# Data Formatting in R: Text and Categories

Let's scrape this [table](https://en.wikipedia.org/wiki/List_of_freedom_indices) from wikipedia, which is informing of several country indices:


In [None]:
# install.packages("rvest")
library(rvest)

# Specify the URL of the Wikipedia page
url <- "https://en.wikipedia.org/wiki/List_of_freedom_indices"

# Read the HTML content of the page
page <- read_html(url)

# Extract all tables from the page
freedomDFs <- html_table(page, fill = TRUE)

# To see how many tables were found:
length(freedomDFs)

**rvest::html_table()** returned 5 dataframes.

Let's keep the _second_ one:

In [None]:

freedom=freedomDFs[[2]]
head(freedom)

For this tutorial, we will only keep some columns:

In [None]:
freedom=freedom[,c(1,4,6,8)]
head(freedom)

## I. Formating Text

### I.1 Column names

Formatting column deals with *case*, and *simplicity* of the names.

First, get **cleaner** columns:

In [None]:
# clean columns

# bye \\[.+\\]: brackets and contents
# bye \\d{4}: numbers of 4 digits
names(freedom)=trimws(gsub('\\[.+\\]|\\d{4}','',names(freedom)))
names(freedom)

The columns are almost clean. Notice I have not replaced the spaces. In general, cleaning includes getting rid of spaces, but we will **need** the spaces to explore some formatting options.

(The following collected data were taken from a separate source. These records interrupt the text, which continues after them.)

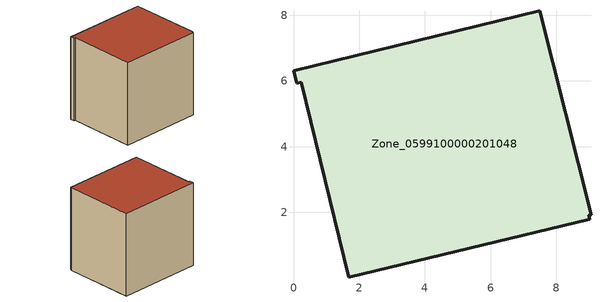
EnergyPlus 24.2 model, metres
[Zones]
Zone_0599100000201048
 floor ground (C_G): 8.98,1.91 9.01,1.79 1.68,0.02 0.23,5.96 0.1,5.93 0,6.31 7.49,8.14 9.05,1.93 z0
 wall outside (C_F): 9.05,1.93 7.49,8.14 0,6.31 0.1,5.93 0.23,5.96 1.68,0.02 9.01,1.79 8.98,1.91 9.05,1.93 z0:7.66
 roof outside (C_R): 9.01,1.79 8.98,1.91 9.05,1.93 7.49,8.14 0,6.31 0.1,5.93 0.23,5.96 1.68,0.02 z7.66
[BUILDING]
Pand.0599100000201048: North Axis=0; Terrain=City; Loads Convergence Tolerance Value=0.04; Temperature Convergence Tolerance Value=0.4; Solar Distribution=FullExterior; Maximum Number of Warmup Days=25; Minimum Number of Warmup Days=1
[Site:Location]
Rotterdam.The.Hague.AP_ZH_NLD Design_Conditions: Latitude=51.96; Longitude=4.45; Time Zone=1; Elevation=-4.5
[SITE:GROUNDTEMPERATURE:BUILDINGSURFACE]
18, 18, 18, 18, 18, 18, 18, 18, 18, 18, 18, 18
[MATERIAL] Thermal Absorptance=0.9; Solar Absorptance=0.7; Visible Absorptance=0.7
Name | Roughness | Thickness | Conductivity | Density | Specific Heat
G.TI.1965-1974 | MediumSmooth | 0.15 | 0.882353 | 540 | 1210
F.TI.1965-1974 | Rough | 0.3 | 0.697674 | 1920 | 840
R.TI.1965-1974 | MediumRough | 0.2 | 0.232558 | 1500 | 1000
[CONSTRUCTION]
C_G: G.TI.1965-1974
C_F: F.TI.1965-1974
C_R: R.TI.1965-1974
[ZONE]
Zone_0599100000201048: Type=1; Multiplier=1; Ceiling Height=Autocalculate; Volume=Autocalculate; Floor Area=autocalculate; Part of Total Floor Area=Yes
[ZONEINFILTRATION:DESIGNFLOWRATE]
Infil_Zone_0599100000201048: Zone or ZoneList or Space or SpaceList=Zone_0599100000201048; Schedule=AlwaysOn; Design Flow Rate Calculation Method=Flow/Area; Flow Rate per Floor Area=0.003; Constant Term Coefficient=1; Temperature Term Coefficient=0; Velocity Term Coefficient=0; Velocity Squared Term Coefficient=0
[HVACTEMPLATE:ZONE:IDEALLOADSAIRSYSTEM]
Zone_0599100000201048: Maximum Heating Supply Air Temperature=50; Minimum Cooling Supply Air Temperature=13; Maximum Heating Supply Air Humidity Ratio=0.0156; Minimum Cooling Supply Air Humidity Ratio=0.0077; Heating Limit=NoLimit; Cooling Limit=NoLimit; Dehumidification Control Type=ConstantSensibleHeatRatio; Cooling Sensible Heat Ratio=0.7; Dehumidification Setpoint=60; Humidification Control Type=None; Humidification Setpoint=30; Outdoor Air Method=None; Outdoor Air Flow Rate per Person=0.00944; Outdoor Air Flow Rate per Zone Floor Area=0; Outdoor Air Flow Rate per Zone=0; Demand Controlled Ventilation Type=None; Outdoor Air Economizer Type=NoEconomizer; Heat Recovery Type=None; Sensible Heat Recovery Effectiveness=0.7; Latent Heat Recovery Effectiveness=0.65
[ZONECONTROL:THERMOSTAT]
ThermostatControl_Zone_0599100000201048: Zone or ZoneList=Zone_0599100000201048; Control Type Schedule=DualSetpointControlType; Control 1=Thermostat_Zone_0599100000201048; Temperature Difference Between Cutout And Setpoint=0
[THERMOSTATSETPOINT:DUALSETPOINT]
Thermostat_Zone_0599100000201048: Heating Setpoint Temperature Schedule=HeatingSetpoint_Zone_0599100000201048; Cooling Setpoint Temperature Schedule=CoolingSetpoint_Zone_0599100000201048
[SCHEDULE:COMPACT]
HeatingSetpoint_Zone_0599100000201048: Through: 12/31, For: AllDays, Until: 24:00, 21
CoolingSetpoint_Zone_0599100000201048: Through: 12/31, For: AllDays, Until: 24:00, 24
DualSetpointControlType: Through: 12/31, For: AllDays, Until: 24:00, 4
AlwaysOn: Through: 12/31, For: AllDays, Until: 24:00, 1
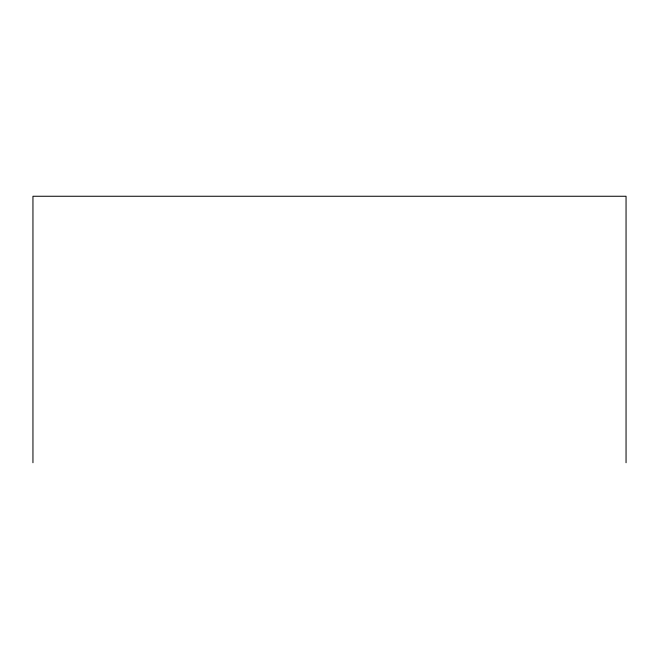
<?xml version="1.0" encoding="UTF-8"?>
<svg xmlns="http://www.w3.org/2000/svg" width="659" height="659" viewBox="0 0 659 659"><rect width="100%" height="100%" fill="white"/><g stroke="black" fill="none" stroke-linecap="round" stroke-linejoin="round"><path stroke-width="0.99" d="M626.05 462.742L626.05 196.258L32.95 196.258L32.95 462.742"/></g></svg>
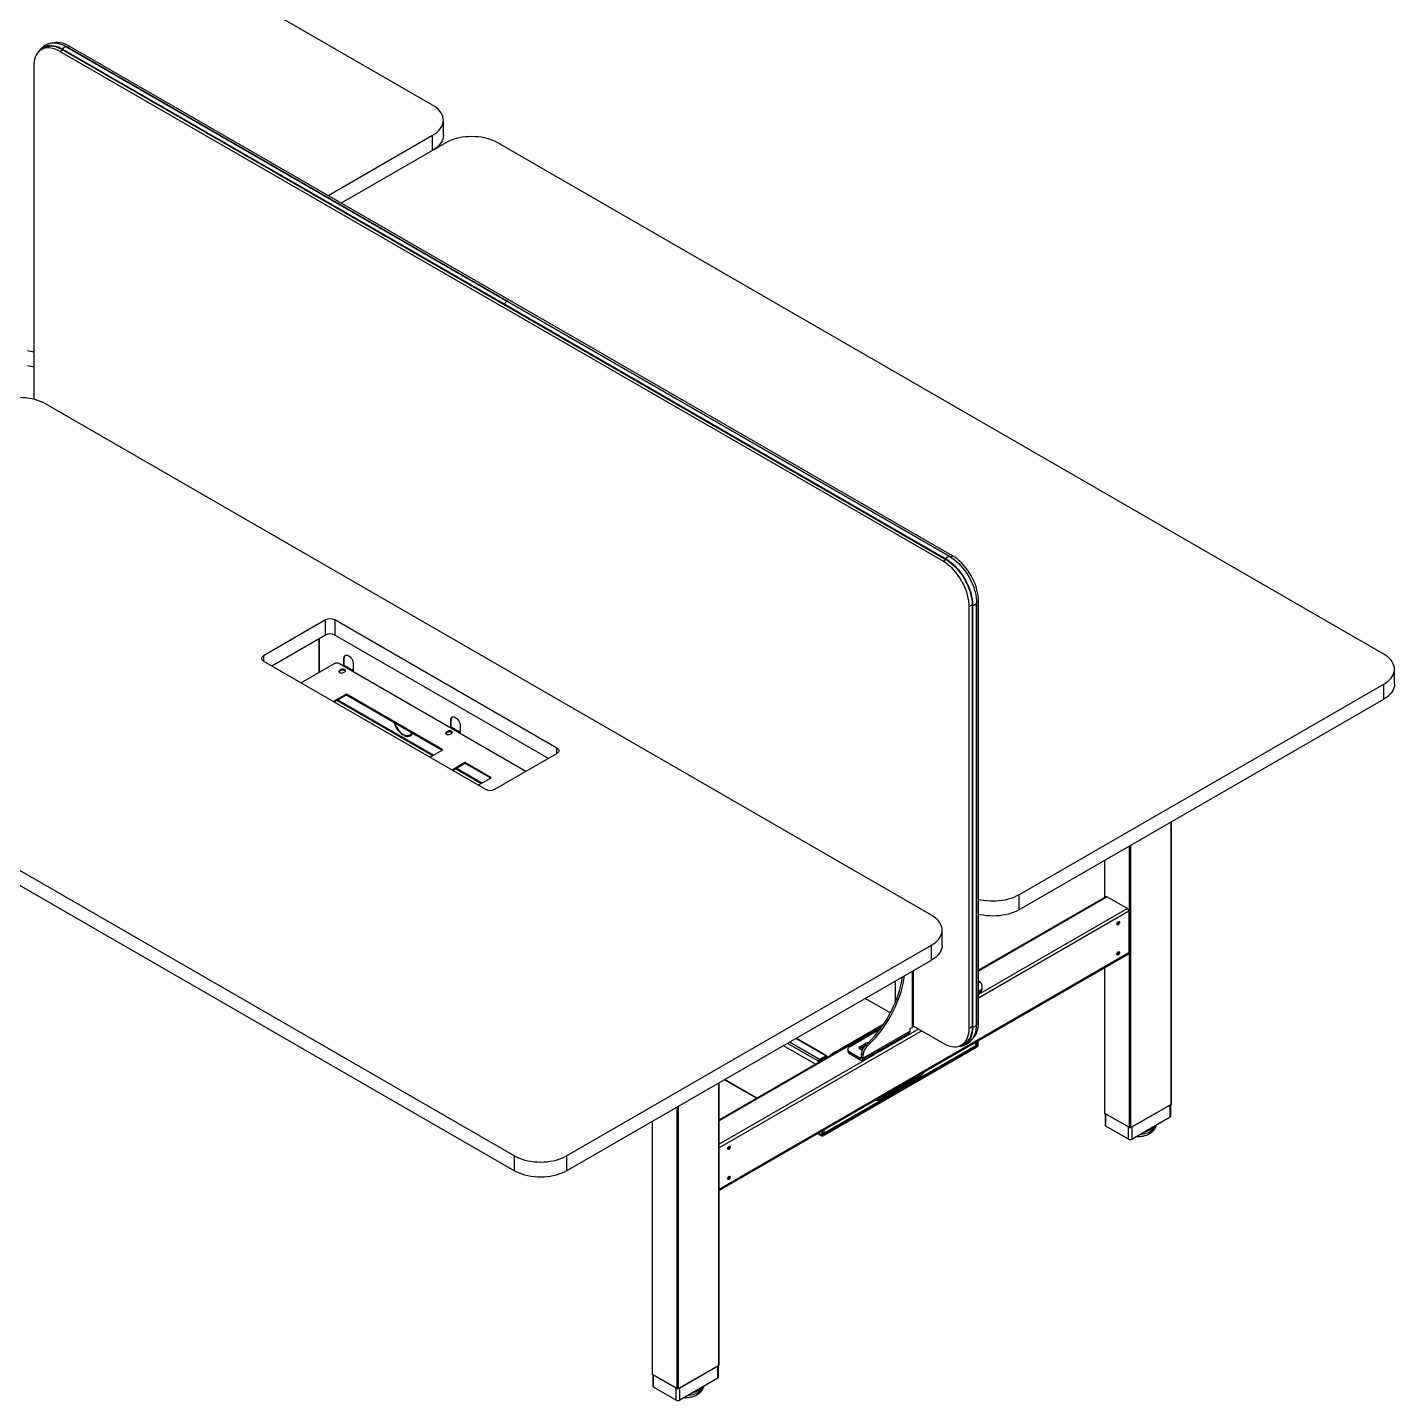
# Model space of a CAD drawing. Header units: millimetres. Extents: x -429 to 16771, y -1239 to 5751.
# Drawn here: x 14916 to 16771, y -1239 to 624 of the extents above; entities that cross this region are included whole.
import ezdxf

# ---------------------------------------------------------------- set-up
doc = ezdxf.new("R2010")
doc.units = ezdxf.units.MM
doc.header["$LTSCALE"] = 100

msp = doc.modelspace()

# ---------------------------------------------------------------- linework, layer by layer
at = {"color": 7, "linetype": 'Continuous', "lineweight": -3}
for p, q in [((15465.52, 518.72), (14263.44, 1212.67)), ((14939.54, 597), (14934.59, 594.14)), ((14968.61, 598.04), (15567.88, 252.09)), ((15567.95, 252.06), (14968.67, 598.02)), ((14969.63, 597.46), (14972.31, 599.01)), ((16170.86, -92.89), (14972.31, 599.01)), ((14959.58, 591.67), (14963.56, 593.96)), ((16158.13, -100.24), (14959.58, 591.67)), ((14963.12, 594.52), (15562.39, 248.57)), ((14963.12, 594.52), (14963.12, 594.28)), ((14963.12, 594.28), (15562.39, 248.32)), ((14963.16, 594.19), (15562.43, 248.23)), ((14963.29, 594.97), (15562.56, 249.01)), ((14924.23, 571.25), (14924.23, 119.56)), ((15480.16, 477.9), (15480.16, 498.31)), ((15323.81, 396.1), (15465.52, 477.9)), ((15483.2, 467.7), (15341.49, 385.89)), ((15465.52, 457.49), (15465.52, 477.9)), ((16755.99, -226.25), (15553.91, 467.7)), ((15562.39, 248.57), (16161.67, -97.38)), ((15562.39, 248.57), (15562.39, 248.32)), ((15562.39, 248.32), (16161.67, -97.63)), ((15562.43, 248.23), (16161.71, -97.72)), ((15562.56, 249.01), (16161.83, -96.94)), ((15567.88, 252.09), (16167.16, -93.87)), ((16167.22, -93.89), (15567.95, 252.06)), ((16142.22, -580.57), (14940.14, 113.38)), ((16168.15, -94.46), (16170.86, -92.89)), ((16158.13, -100.24), (16162.16, -97.92)), ((16161.67, -97.38), (16161.67, -97.63)), ((16161.67, -97.38), (16162.05, -97.61)), ((16193.49, -161.48), (16197.51, -159.15)), ((16193.49, -733.87), (16193.49, -161.48)), ((16197.46, -159.64), (16197.46, -732.04)), ((16197.73, -159.85), (16197.52, -159.72)), ((16197.52, -159.72), (16197.52, -732.12)), ((16197.72, -158.8), (16197.73, -159.85)), ((16197.73, -159.85), (16197.73, -732.24)), ((16198.2, -159.92), (16198.2, -732.32)), ((16203.5, -155.69), (16206.21, -154.13)), ((16203.52, -156.85), (16203.52, -729.24)), ((16203.53, -729.18), (16203.53, -156.78)), ((16206.21, -726.53), (16206.21, -154.13)), ((15320.21, -179.92), (15236.06, -228.49)), ((15320.21, -200.33), (15320.21, -179.92)), ((15634.16, -353.81), (15332.94, -179.92)), ((15332.94, -179.92), (15332.94, -200.33)), ((15320.21, -200.33), (15247.38, -242.37)), ((15622.85, -367.69), (15332.94, -200.33)), ((14374.45, -213.19), (15576.53, -907.13)), ((15311.23, -205.51), (15311.23, -251.16)), ((15311.51, -205.35), (15311.51, -251)), ((14374.45, -233.6), (15576.53, -927.55)), ((15236.06, -228.49), (15236.06, -235.84)), ((15236.06, -235.84), (15537.29, -409.74)), ((15331.88, -239.24), (15286.91, -265.2)), ((15592.15, -385.41), (15338.95, -239.24)), ((15344.89, -241.93), (15344.25, -242.3)), ((15344.89, -241.93), (15346.65, -242.95)), ((15345.66, -231.77), (15345.1, -232.09)), ((15345.1, -241.83), (15345.1, -232.09)), ((15345.66, -241.84), (15345.66, -231.77)), ((15347.45, -242.88), (15345.69, -241.85)), ((15357.83, -239.44), (15357.83, -250.06)), ((15341.42, -247.2), (15339.3, -248.42)), ((15339.3, -249.24), (15341.42, -248.02)), ((15339.3, -249.24), (15339.3, -248.42)), ((15341.42, -248.02), (15341.42, -247.2)), ((15344.25, -251.28), (15346.37, -250.06)), ((15348.07, -243.77), (15346.65, -242.95)), ((15348.07, -243.77), (15350.19, -245)), ((15350.99, -244.92), (15348.87, -243.69)), ((15351.6, -245.81), (15350.19, -245)), ((15351.6, -245.81), (15353.73, -247.04)), ((15354.53, -246.96), (15352.4, -245.73)), ((15355.14, -247.85), (15353.73, -247.04)), ((15355.14, -247.85), (15356.91, -248.87)), ((15357.71, -248.79), (15355.94, -247.77)), ((15356.27, -249.24), (15356.91, -248.87)), ((15356.84, -249.57), (15356.91, -249.53)), ((15356.91, -249.53), (15356.91, -248.87)), ((15356.91, -249.53), (15357.47, -249.85)), ((15357.47, -249.85), (15357.83, -249.65)), ((15357.83, -250.06), (15357.47, -249.85)), ((16770.63, -267.07), (16770.63, -246.66)), ((16261.01, -552.81), (16755.99, -267.07)), ((16755.99, -287.48), (16755.99, -267.07)), ((15348.47, -280.66), (15331.08, -290.69)), ((15331.79, -291.1), (15348.47, -281.47)), ((15465.55, -364.1), (15335.45, -288.99)), ((15466.69, -363.44), (15336.58, -288.34)), ((15479.28, -356.17), (15348.47, -280.66)), ((15348.47, -281.47), (15348.47, -280.66)), ((15348.47, -281.47), (15478.57, -356.58)), ((16261.01, -573.22), (16755.99, -287.48)), ((15490.62, -315.45), (15490.06, -315.78)), ((15490.06, -325.52), (15490.06, -315.78)), ((15490.62, -325.52), (15490.62, -315.45)), ((15425, -335.77), (15425, -334.95)), ((15486.38, -330.88), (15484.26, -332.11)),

Option 1: **drop/replace spaces, format case**

We decide the case, and replace the spaces:

In [None]:
tolower(gsub('\\s','_',names(freedom)))

In [None]:
toupper(gsub('\\s','_',names(freedom)))

Option 2: **Acronyms**

This might be a good idea, but you need to inform the meaning of the column names clearly in the documentation.

In [None]:
abbreviate(names(freedom)[-1],minlength=1,named = F)

option 3: **Some shorter text**

This may not be easy, you can simply do it manually, but in this case I found a way to do it via coding:

In [None]:
tolower(gsub('Index|Freedom|of|\\s','',names(freedom)))

Let's keep the last one (option 3).

In [None]:
names(freedom)=tolower(gsub('Index|Freedom|of|\\s','',names(freedom)))
head(freedom)

### I.2 Identifier column

The identifier colum is generally a string. We have one column that identifies the rows.

The column should be clean by now:

In [None]:
# not totally clean...
freedom$country[grep('[^A-Za-z\\s]',freedom$country,perl = T)]


You may need to clean those symbols as we did on the ***Cleaning*** session. Let's skip that, and format the identifier as upper case (you could use other option from above):

In [None]:
freedom$country=toupper(freedom$country)
head(freedom)

It is recommended you have or lower or upper case only. This will be useful later during the merging stage.